There are 2 applications in the solution:
WebAPI resource & authorization server - Uses OWIN (hosted in IIS) and ASP.NET Identity to issue an authentication token on a correct login and then allow requests to the various controllers.
MVC client application - Has no authorization as of yet (until I figure it out) but will make calls to the WebAPI resource server to get all data. These calls will only ever be made from actions of the controllers in the client app, no client side AJAX calls.
The client application doesn't have it's own datasource. All information is stored in a database which the WebAPI service has access to, so essentially if they provide the correct credentials and the client app receives a bearer token I need to deliver a way for the application to see them as authorized.
What's the best way to handle this?
Is it possible to configure OWIN on the client side to use the OAuth
settings of the server? Am I barking up the wrong tree and will I need to just use HTTPClients?
Could I deserialize the bearer token and store it in session, and
then write my own authorization providers to check these on the client side?
My initial concerns are I'm abusing Bearer Tokens and trying to cobble them into a solution which isn't ideal. All examples of external authorization I've found so far usually involve making calls to providers hosted by Google/Facebook/Twitter to check the user is who they say they are, and then moves on to creating a user record in their system. My application can't do this.
In regards to security I was planning to introduce filters which would validate the request has came from the client application by providing an identifier and secret, along with IP validation.
I realize this may be a bit open ended, but I'd appreciate any advice. The scope of the project is that the web service is the only thing to have access to the database. The MVC client application will be hosted on a different server, and the service will only accept requests from said client application.
You don't need to access the data source in your MVC app to validate the bearer token. Basically, you can do it in the following way,
MVC app requests access_token from webapi and passes it to the UI client (let's say a browser).
Browser stores the access_token in a cookie/localstorage and sends them to the MVC app for all subsequent requests.
Create an ActionFilter in the MVC app to validate if the request from the browser has the token supplied in the header. If not, reject the request.
MVC app passes the access_token in the Authorization header to the webapi.
Use HTTPS for all communications (between MVC app <-> Client and MVC app <-> WebAPI)
You can further obfuscate or encrypt the access_token you get from the WebAPI on the MVC app side for additional security but then you will have to send the decrypted version back to the WebAPI.
I realize that my answer is a bit late, but maybe it helps other people:
The bearer token that you get from the API has a list of claims encrypted that only the API can decrypt. I assume you need to have these claims on the MVC application as well so you can restrict resources on the client.
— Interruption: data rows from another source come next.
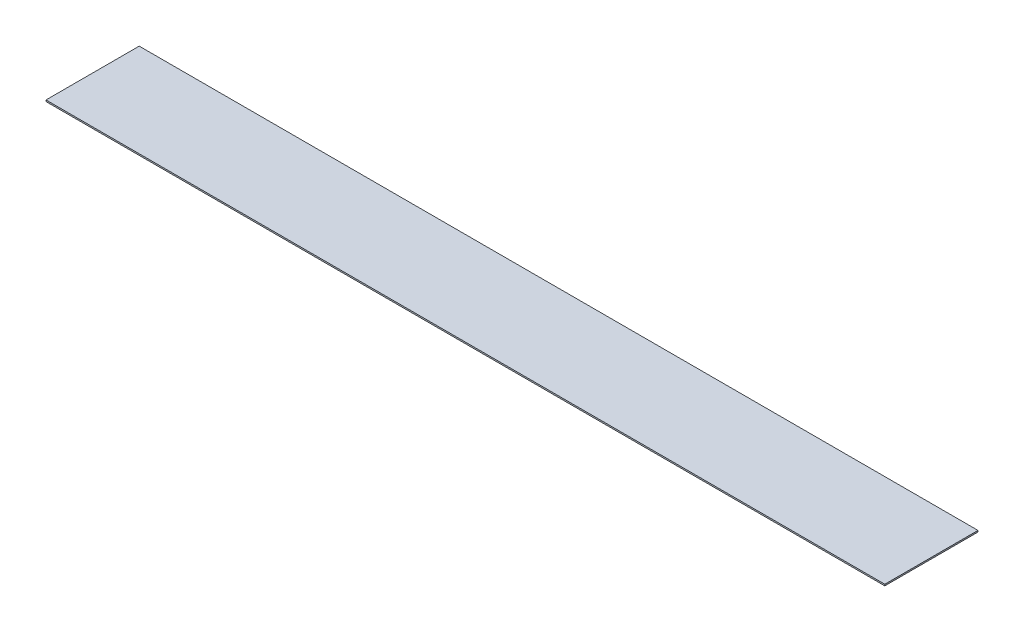
SolidWorks part; units mm, degrees
material "Nylon 101"
ref_plane "Front Plane" through (0, 0, 0) normal (0, 0, 1) x (1, 0, 0)
ref_plane "Top Plane" through (0, 0, 0) normal (0, 1, 0) x (1, 0, 0)
ref_plane "Right Plane" through (0, 0, 0) normal (1, 0, 0) x (0, 0, -1)
sketch "Sketch1" plane through (0, 0, 0) normal (0, 1, 0) x (1, 0, 0)
  line L1 (0, 0) -> (914.4, 0)
  line L2 (0, 0) -> (0, 101.6)
  line L3 (0, 101.6) -> (914.4, 101.6)
  line L4 (914.4, 0) -> (914.4, 101.6)
  dimension "D1" = 101.6
  dimension "D2" = 914.4
extrude "Boss-Extrude1" add sketch "Sketch1" along normal blind 1.5875

So, what I have done was to first get token. After you get it, you make another request to the API resource api/me/claims to get the list of readable claims on the client. Based on this list you can allow access to resources in your MVC CLient Application using a custom claims based Authorize attribute. Also, you can store the claims in a cookie in the client session. Below is the code for the API controller to get the Claims.
[RoutePrefix("api/me/claims")]
public class ClaimsController : BaseApiController
{
[Authorize]
[Route("")]
public IHttpActionResult GetClaims()
{
var identity = User.Identity as ClaimsIdentity;
var claims = from c in identity.Claims
select new
{
subject = c.Subject.Name,
type = c.Type,
value = c.Value
};
return Ok(claims);
}
}
The idea is to reconstruct the ClaimsIdentity object of the logged User on the Client side and maybe add it to the session.
The token is not enough. You might risk getting a Not Authorized response from the API on a resource that you have made visible for the user in the MVC Client Application. Needles to say that is recommended to use HTTPS for all requests.